**Information given**
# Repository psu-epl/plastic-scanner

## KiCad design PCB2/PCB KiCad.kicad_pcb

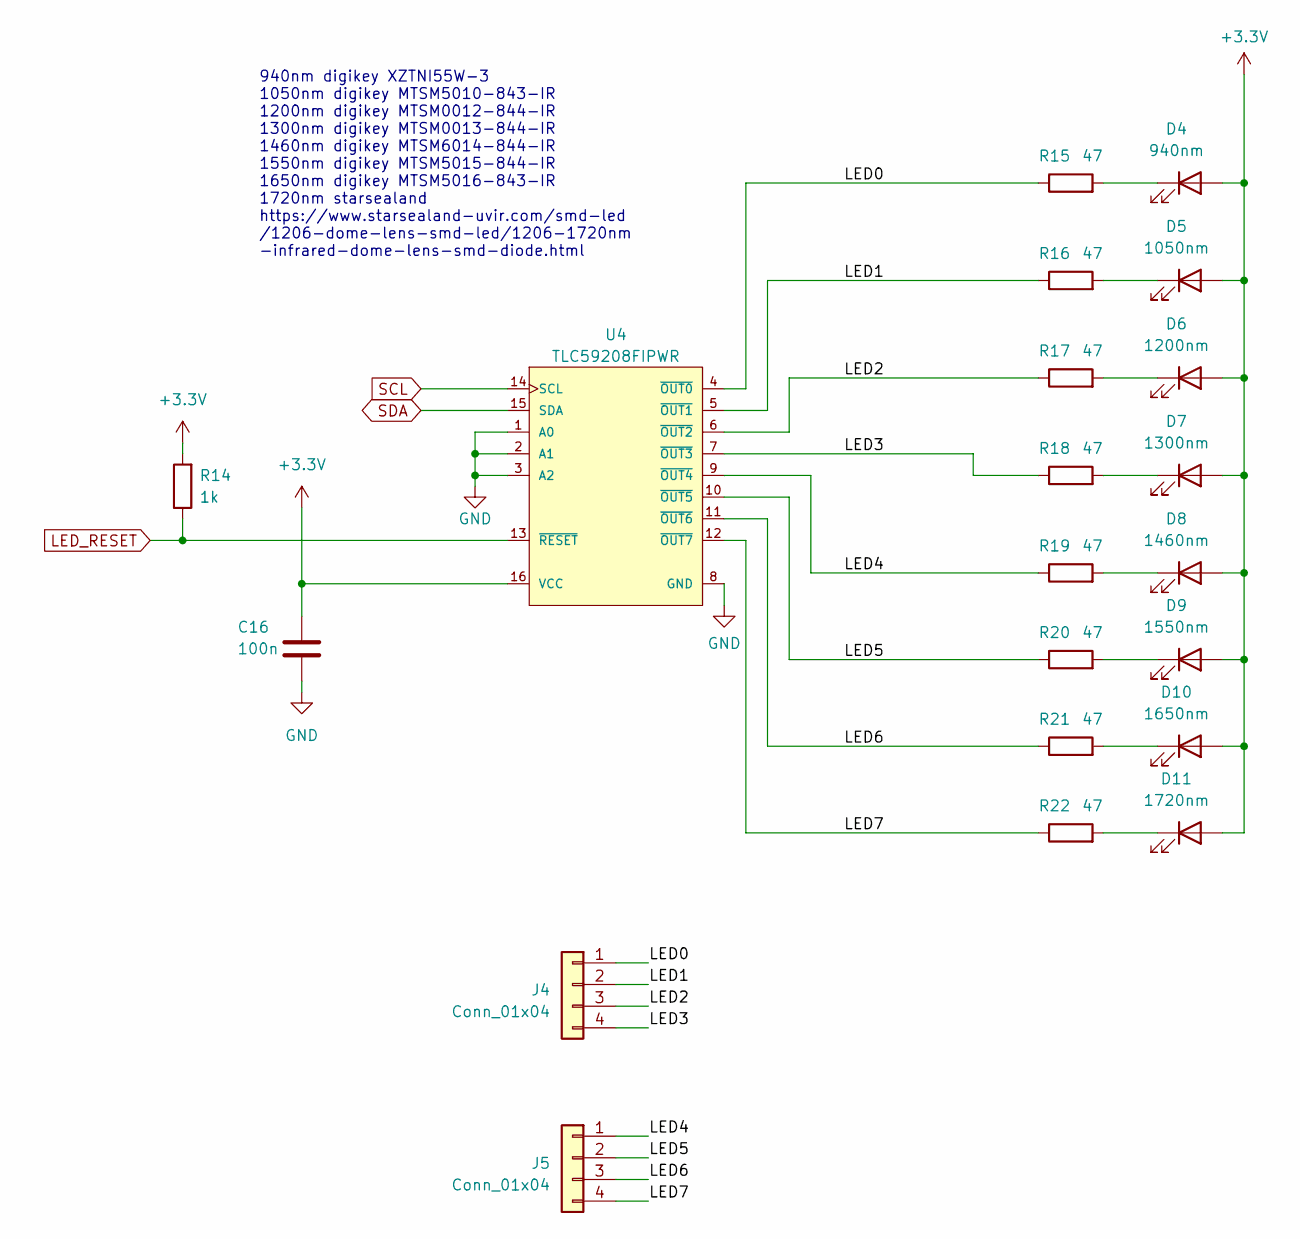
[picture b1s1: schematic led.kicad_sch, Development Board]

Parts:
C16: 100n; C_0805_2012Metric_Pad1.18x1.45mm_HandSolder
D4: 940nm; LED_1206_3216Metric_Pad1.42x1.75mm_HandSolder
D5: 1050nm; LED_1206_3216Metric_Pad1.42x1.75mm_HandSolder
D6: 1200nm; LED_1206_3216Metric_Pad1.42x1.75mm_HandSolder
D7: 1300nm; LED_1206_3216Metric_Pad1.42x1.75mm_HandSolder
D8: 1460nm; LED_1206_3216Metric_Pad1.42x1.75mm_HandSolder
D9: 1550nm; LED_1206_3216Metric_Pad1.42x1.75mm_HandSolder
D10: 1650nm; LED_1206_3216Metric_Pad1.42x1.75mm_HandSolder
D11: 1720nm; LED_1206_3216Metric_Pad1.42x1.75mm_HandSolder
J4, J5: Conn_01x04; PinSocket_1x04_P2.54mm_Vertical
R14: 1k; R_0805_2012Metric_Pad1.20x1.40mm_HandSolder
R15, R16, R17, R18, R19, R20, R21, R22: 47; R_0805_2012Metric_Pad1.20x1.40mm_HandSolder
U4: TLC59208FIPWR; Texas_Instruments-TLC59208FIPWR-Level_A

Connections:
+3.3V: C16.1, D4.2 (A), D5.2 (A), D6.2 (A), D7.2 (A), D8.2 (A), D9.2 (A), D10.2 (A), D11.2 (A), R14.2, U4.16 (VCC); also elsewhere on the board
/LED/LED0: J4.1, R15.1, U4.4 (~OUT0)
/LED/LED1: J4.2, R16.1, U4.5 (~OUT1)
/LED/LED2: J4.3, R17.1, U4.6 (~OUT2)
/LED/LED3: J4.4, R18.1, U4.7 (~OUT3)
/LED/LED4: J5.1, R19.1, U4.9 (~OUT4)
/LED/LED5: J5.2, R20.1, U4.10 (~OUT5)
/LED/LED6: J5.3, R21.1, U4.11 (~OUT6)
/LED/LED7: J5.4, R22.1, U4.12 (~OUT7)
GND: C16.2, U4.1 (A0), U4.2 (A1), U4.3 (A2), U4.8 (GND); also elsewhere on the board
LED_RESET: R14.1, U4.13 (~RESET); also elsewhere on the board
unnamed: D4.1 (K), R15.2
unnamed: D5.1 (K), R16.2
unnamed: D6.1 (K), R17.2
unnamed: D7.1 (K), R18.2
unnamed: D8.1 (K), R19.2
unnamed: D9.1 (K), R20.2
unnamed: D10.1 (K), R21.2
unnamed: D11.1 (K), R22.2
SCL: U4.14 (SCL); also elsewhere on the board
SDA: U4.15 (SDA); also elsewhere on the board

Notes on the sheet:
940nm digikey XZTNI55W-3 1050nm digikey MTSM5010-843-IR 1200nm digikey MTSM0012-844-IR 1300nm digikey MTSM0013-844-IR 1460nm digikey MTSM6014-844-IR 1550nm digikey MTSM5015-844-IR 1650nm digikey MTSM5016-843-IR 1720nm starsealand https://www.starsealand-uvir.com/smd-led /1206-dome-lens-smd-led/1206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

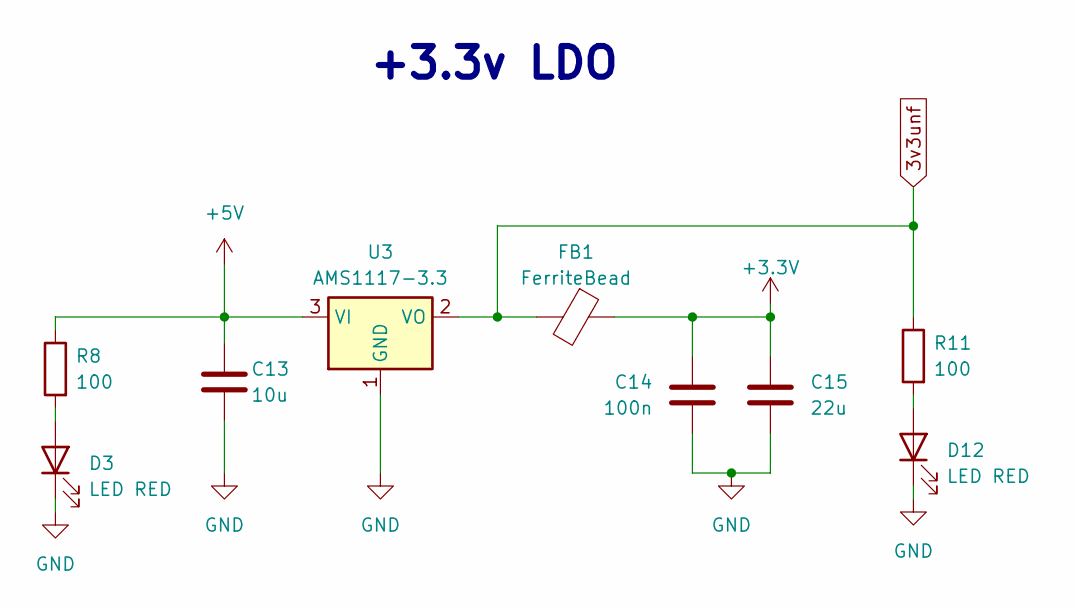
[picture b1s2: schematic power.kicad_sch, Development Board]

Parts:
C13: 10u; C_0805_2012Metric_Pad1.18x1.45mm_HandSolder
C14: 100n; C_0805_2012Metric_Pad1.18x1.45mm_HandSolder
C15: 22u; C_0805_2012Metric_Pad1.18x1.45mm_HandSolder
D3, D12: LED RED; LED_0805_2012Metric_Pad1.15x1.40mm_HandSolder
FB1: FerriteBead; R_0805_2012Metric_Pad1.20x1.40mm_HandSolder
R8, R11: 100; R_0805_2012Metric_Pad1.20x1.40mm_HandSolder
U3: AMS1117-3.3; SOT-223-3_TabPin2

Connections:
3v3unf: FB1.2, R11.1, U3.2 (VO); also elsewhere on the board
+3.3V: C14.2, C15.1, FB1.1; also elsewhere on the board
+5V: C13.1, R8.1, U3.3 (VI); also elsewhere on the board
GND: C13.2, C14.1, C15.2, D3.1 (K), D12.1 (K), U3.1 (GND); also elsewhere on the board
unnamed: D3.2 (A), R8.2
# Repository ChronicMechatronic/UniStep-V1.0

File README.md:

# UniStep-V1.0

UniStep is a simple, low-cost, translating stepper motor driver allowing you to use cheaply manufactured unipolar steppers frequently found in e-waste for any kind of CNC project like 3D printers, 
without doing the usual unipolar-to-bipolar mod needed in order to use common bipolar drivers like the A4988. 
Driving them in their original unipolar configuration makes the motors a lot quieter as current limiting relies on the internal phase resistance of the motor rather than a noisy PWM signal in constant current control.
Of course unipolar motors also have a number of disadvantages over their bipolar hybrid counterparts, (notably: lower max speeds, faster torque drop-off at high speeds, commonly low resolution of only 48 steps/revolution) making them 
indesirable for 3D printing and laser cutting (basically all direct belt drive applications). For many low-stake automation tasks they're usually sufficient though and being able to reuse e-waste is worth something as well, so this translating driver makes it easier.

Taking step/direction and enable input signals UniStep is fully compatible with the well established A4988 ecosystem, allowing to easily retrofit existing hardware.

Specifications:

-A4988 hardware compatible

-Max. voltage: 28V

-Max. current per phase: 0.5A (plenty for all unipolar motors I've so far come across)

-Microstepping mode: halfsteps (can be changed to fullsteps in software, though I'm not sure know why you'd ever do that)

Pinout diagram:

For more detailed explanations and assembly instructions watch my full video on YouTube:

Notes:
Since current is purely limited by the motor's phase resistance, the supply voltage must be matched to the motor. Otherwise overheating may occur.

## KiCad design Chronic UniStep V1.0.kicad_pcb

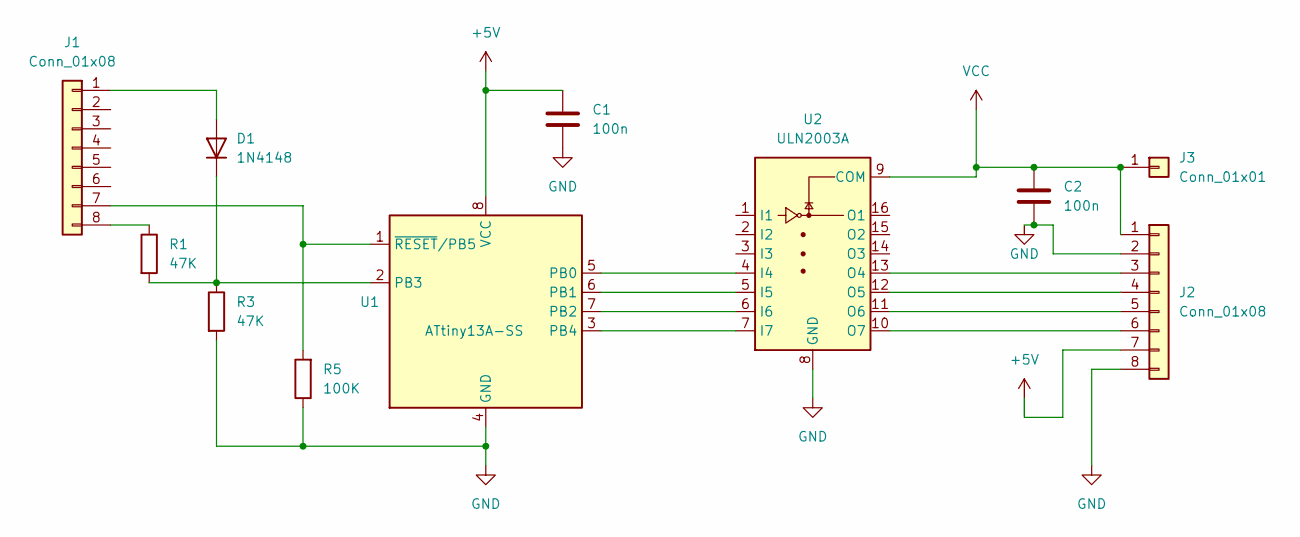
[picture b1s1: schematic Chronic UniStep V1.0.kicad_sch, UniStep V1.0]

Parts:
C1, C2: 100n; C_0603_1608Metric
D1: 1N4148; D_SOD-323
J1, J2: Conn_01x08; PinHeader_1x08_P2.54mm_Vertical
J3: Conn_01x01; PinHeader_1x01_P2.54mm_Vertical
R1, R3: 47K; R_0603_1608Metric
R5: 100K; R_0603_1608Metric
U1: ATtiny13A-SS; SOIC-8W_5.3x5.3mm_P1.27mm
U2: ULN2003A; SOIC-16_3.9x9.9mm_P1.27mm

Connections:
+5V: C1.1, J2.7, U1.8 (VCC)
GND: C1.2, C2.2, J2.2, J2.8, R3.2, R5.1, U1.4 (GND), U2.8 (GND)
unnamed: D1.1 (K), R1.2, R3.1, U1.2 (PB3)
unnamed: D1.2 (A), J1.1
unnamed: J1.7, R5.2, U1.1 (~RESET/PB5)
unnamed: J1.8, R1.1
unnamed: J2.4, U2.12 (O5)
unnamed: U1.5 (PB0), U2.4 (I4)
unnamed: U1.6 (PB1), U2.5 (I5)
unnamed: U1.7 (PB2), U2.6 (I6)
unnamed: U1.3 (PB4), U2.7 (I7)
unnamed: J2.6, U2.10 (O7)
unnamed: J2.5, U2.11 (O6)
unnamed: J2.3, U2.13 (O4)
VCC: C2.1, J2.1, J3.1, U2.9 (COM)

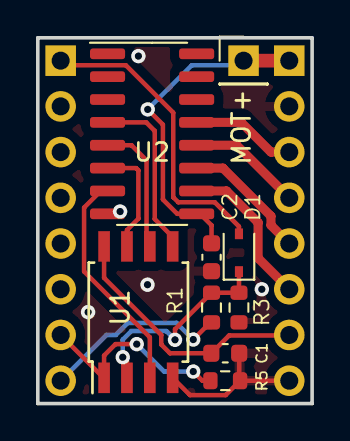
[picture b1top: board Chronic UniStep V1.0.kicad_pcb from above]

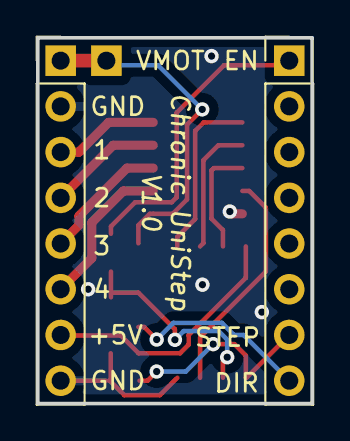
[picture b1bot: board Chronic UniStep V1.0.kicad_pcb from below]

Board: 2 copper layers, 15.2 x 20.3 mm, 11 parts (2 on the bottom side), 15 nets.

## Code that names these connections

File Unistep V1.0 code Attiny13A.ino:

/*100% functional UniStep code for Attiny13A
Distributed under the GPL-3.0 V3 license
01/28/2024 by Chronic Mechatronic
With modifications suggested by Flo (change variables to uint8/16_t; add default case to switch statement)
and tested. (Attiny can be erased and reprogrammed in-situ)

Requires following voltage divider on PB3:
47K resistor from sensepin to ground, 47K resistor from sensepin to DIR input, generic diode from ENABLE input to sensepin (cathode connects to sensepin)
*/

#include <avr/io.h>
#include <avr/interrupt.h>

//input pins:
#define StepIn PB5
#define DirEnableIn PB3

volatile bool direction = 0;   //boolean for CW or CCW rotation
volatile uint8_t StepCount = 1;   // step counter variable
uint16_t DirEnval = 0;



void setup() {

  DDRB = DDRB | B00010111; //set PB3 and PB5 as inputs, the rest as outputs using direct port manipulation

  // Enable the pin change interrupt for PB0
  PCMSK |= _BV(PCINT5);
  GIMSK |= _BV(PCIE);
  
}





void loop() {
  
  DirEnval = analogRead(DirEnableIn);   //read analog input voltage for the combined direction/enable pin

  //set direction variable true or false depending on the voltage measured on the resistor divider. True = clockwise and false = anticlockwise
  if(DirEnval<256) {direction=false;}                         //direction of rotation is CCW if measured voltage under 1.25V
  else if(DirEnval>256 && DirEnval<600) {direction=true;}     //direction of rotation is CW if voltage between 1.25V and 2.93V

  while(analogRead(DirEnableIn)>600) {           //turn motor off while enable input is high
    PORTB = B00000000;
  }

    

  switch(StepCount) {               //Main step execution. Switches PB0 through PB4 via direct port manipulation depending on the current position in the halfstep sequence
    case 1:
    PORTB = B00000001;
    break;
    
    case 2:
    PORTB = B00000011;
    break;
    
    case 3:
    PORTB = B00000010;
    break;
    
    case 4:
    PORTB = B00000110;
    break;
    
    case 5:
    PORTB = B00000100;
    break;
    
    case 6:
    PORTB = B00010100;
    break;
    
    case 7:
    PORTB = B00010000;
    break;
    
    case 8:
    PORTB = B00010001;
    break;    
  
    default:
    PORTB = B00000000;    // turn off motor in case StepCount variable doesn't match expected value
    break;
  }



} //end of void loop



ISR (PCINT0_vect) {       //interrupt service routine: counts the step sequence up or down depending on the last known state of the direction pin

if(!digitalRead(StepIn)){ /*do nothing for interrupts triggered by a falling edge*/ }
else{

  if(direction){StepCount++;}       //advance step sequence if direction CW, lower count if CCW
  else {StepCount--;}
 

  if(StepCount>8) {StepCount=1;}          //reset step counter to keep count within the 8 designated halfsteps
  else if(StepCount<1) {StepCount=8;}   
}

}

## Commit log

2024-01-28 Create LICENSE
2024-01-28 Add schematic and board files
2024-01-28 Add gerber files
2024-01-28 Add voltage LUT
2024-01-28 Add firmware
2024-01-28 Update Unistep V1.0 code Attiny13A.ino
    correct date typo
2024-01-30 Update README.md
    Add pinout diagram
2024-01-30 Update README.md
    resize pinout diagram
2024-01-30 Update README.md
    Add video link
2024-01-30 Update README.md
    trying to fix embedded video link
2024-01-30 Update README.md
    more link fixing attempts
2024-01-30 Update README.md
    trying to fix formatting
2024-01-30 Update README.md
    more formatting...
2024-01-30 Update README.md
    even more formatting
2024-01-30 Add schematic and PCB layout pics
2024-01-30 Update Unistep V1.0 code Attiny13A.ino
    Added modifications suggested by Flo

**Work task**
Copy, character for character, the lines from the line that holds "trying to fix embedded video link" through the final line of the records above.

**Answer space**
    trying to fix embedded video link
2024-01-30 Update README.md
    more link fixing attempts
2024-01-30 Update README.md
    trying to fix formatting
2024-01-30 Update README.md
    more formatting...
2024-01-30 Update README.md
    even more formatting
2024-01-30 Add schematic and PCB layout pics
2024-01-30 Update Unistep V1.0 code Attiny13A.ino
    Added modifications suggested by Flo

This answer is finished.